Japanese publishing company

Wani Books Co., Ltd. (ワニブックス株式会社, Wani Bukkusu Kabushiki Gaisha) is a Japanese publishing company focused on manga-related publication, including magazines and books. The company was established in November 1979. It publishes a manga magazine called Comic Gum.

In March 2007, Yoshimoto Books Co., Ltd. was established in collaboration with Yoshimoto Kogyo Co., Ltd., and Comic Yoshimoto was launched. In 2009, Wani Plus Co., Ltd. was established as an affiliate company.

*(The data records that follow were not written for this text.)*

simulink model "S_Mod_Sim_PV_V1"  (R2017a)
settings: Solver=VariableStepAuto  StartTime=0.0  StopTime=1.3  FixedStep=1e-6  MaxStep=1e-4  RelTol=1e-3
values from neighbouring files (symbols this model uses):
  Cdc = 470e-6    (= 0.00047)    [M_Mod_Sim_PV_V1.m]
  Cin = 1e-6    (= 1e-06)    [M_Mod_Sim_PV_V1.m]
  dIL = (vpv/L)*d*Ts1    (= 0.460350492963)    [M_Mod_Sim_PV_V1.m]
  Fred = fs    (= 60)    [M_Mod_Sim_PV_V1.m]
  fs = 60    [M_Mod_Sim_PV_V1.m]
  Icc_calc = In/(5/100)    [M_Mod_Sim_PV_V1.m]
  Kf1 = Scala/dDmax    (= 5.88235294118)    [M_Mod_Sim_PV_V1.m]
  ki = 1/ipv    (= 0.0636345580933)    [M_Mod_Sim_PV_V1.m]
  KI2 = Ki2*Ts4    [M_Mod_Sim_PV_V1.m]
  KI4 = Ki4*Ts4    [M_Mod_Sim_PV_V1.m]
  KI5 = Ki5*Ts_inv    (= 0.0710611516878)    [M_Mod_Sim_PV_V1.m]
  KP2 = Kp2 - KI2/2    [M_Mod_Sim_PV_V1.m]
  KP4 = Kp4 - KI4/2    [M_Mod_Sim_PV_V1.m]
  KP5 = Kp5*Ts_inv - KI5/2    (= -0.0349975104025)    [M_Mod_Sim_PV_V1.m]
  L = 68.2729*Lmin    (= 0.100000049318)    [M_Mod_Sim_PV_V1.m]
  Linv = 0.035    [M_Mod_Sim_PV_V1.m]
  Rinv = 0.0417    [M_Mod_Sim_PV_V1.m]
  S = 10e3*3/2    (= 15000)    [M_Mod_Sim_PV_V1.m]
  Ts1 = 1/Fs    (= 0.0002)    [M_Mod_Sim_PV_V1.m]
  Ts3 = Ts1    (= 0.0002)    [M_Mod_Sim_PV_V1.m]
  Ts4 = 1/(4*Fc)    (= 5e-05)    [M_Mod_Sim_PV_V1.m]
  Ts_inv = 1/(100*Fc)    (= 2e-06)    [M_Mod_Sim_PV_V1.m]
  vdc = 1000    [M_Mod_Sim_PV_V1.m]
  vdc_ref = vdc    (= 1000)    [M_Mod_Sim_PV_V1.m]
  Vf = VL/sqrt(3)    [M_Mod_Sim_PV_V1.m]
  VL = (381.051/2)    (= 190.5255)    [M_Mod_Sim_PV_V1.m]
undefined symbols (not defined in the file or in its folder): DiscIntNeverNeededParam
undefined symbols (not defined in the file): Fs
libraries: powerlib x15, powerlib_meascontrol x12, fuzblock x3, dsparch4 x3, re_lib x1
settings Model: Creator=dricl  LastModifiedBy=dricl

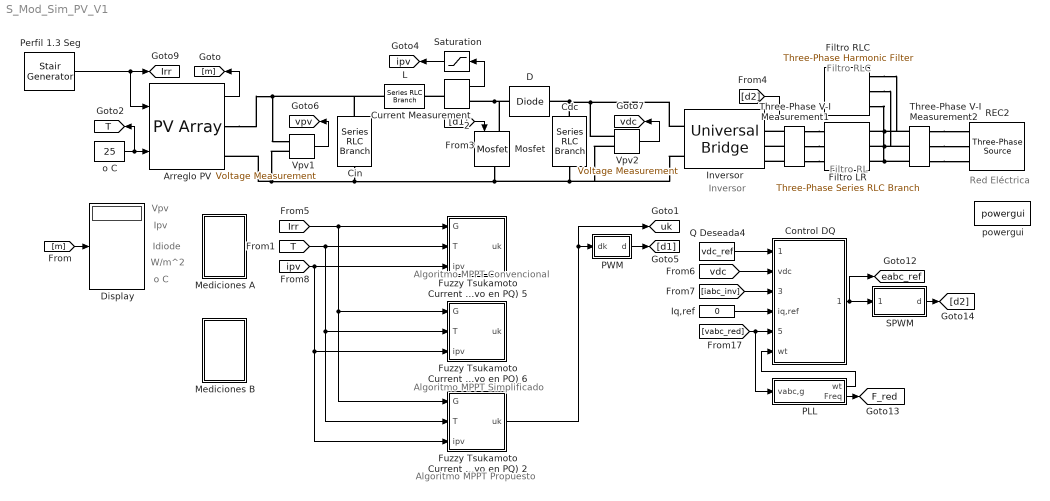
== system S_Mod_Sim_PV_V1 ==
  note: o C
  note: Idiode
  note: Ipv
  note: Vpv
  note: W/m^2
  note: Red Eléctrica
  note: Filtro RL
  note: Inversor
  note: Filtro RLC
  note: Algoritmo MPPT Convencional
  note: Algoritmo MPPT Simplificado
  note: Algoritmo MPPT Propuesto
  " Control DQ" : Subsystem
  Arreglo PV : re_lib/Solar/PV Array  Npar=No_Cadenas_Paralelo  Nser=No_Modulos_PorCadena  PlotType=array @ 1000 W/m2 & specified temperatures  S_vec=[ 1250 1000 100 ]  Temp_C_vec="[ 45 25  0]"  ModuleName=Canadian Solar CS6X-280P  PlotWhenSelected=off  Pm=279.816  Ncell=72  Voc=44.2  Isc=8.42  Vm=35.6  Im=7.86  beta_Voc_pc=-0.39  alpha_Isc_pc=0.06  beta_Voc=-0.17238  alpha_Isc=0.005052  IL=8.4417  I0=7.7188e-10  nI=1.0345  Rsh=300.2269  Rs=0.38773  BAL=off  Tc=1e-6  Tfilter=5e-5
  Cdc : powerlib/Elements/Series RLC Branch  LConnTagsString=__new0  RConnTagsString=__new0  BranchType=C  Resistance=0.01  Inductance=1e-3  SetiL0=off  InitialCurrent=0  Capacitance=Cdc  Setx0=on  InitialVoltage=vdc_ref  Measurements=None
  Cin : powerlib/Elements/Series RLC Branch  LConnTagsString=__new0  RConnTagsString=__new0  BranchType=C  Resistance=0.01  Inductance=1e-3  SetiL0=off  InitialCurrent=0  Capacitance=Cin  Setx0=off  InitialVoltage=640.8  Measurements=None
  Current Measurement2 : powerlib/Measurements/Current Measurement  PhasorSimulation=off  OutputType=Complex  PSBequivalent=0
  D : powerlib/Power Electronics/Diode  Ron=0.001  Lon=0  Vf=0  IC=0  UseSnubber=0  Rs=500  Cs=250e-9  Measurements=off
  Display : Display
  Filtro LR : powerlib/Elements/Three-Phase Series RLC Branch  LConnTagsString=A|B|C  RConnTagsString=A|B|C  BranchType=RL  Resistance=Rinv  Inductance=Linv  Capacitance=1e-6  Measurements=None
  Filtro RLC : powerlib/Elements/Three-Phase Harmonic Filter  LConnTagsString=A|B|C  FilterType=Single-tuned  FilterConnection=Y (grounded)  ParNom=[VL fs]  Qc=S*0.001  Fr=[31.42*60]  Frd=[40*fs 80*fs]  Q=5  Measurements=None
      settings: AttributesFormatString=\n  SourceProductName=Simscape Power Systems  SourceProductBaseCode=PS
  "Fuzzy Tsukamoto Current Controller n_mppt = 99.11%, ta(2%) = 0.12 s con Steps de Irrad Interv. 2 Seg. n_mppt = 96.74%, ta(2%) = 0.12 s con Steps de Irrad Interv. 0.5 Seg. n_mppt = 99.37%, ta(2%) = 0.12 s con Curva de Irrad Este controlador puede disminuir ta e incrementar a tr para mitigar los MP en id (impacto positivo en PQ) 2" : Subsystem
  "Fuzzy Tsukamoto Current Controller n_mppt = 99.11%, ta(2%) = 0.12 s con Steps de Irrad Interv. 2 Seg. n_mppt = 96.74%, ta(2%) = 0.12 s con Steps de Irrad Interv. 0.5 Seg. n_mppt = 99.37%, ta(2%) = 0.12 s con Curva de Irrad Este controlador puede disminuir ta e incrementar a tr para mitigar los MP en id (impacto positivo en PQ) 5" : Subsystem
  "Fuzzy Tsukamoto Current Controller n_mppt = 99.11%, ta(2%) = 0.12 s con Steps de Irrad Interv. 2 Seg. n_mppt = 96.74%, ta(2%) = 0.12 s con Steps de Irrad Interv. 0.5 Seg. n_mppt = 99.37%, ta(2%) = 0.12 s con Curva de Irrad Este controlador puede disminuir ta e incrementar a tr para mitigar los MP en id (impacto positivo en PQ) 6" : Subsystem
  Inversor : powerlib/Power Electronics/Universal Bridge  Arms=3  SnubberResistance=1e5  SnubberCapacitance=inf  Device=IGBT / Diodes  Ron=1e-3  Lon=0  ForwardVoltages="[  0  0  ]"  ForwardVoltage=0  GTOparameters=[ 10e-6 , 20e-6 ]  IGBTparameters=[ 1e-6 , 2e-6 ]  Measurements=None  Measurements_2=None  converterType=Rectifier
  Iq,ref : Constant  Value=0  SampleTime=Ts4
  L : powerlib/Elements/Series RLC Branch  LConnTagsString=__new0  RConnTagsString=__new0  BranchType=L  Resistance=40.76340  Inductance=L  SetiL0=off  InitialCurrent=0  Capacitance=1e-6  Setx0=off  InitialVoltage=0  Measurements=None
  Mediciones A : Subsystem
  Mediciones B : Subsystem
  Mosfet : powerlib/Power Electronics/Mosfet  Ron=0.001  Lon=0  Rd=0  Vfd=0  IC=0  Rs=1e5  Cs=inf  Measurements=off
  PLL : Subsystem
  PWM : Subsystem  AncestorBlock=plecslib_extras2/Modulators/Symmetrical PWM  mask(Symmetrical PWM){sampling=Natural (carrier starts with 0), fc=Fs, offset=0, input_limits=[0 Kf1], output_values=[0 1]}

In 2024, the company became a wholly owned subsidiary of Kodansha.

==Magazines published==
Wink Up (ウインク アップ, uinku appu) is an idol magazine published since July 1988.

UP to boy (アップトゥボーイ, apputubōi), abbreviated as UTB, is a bimonthly idol magazine published since 1986.

COOLTRANS (クール・トランス, kūru toreansu) was a street fashion magazine published from 1995 to 2013

+act (プラスアクト, Purasu Akuto) is a bimonthly magazine since 2004 featuring high-quality photography and in-depth features, often highlighting figures from film, television, and music.

Comic Gum (コミックガム) is a monthly seinen manga magazine started in 1996.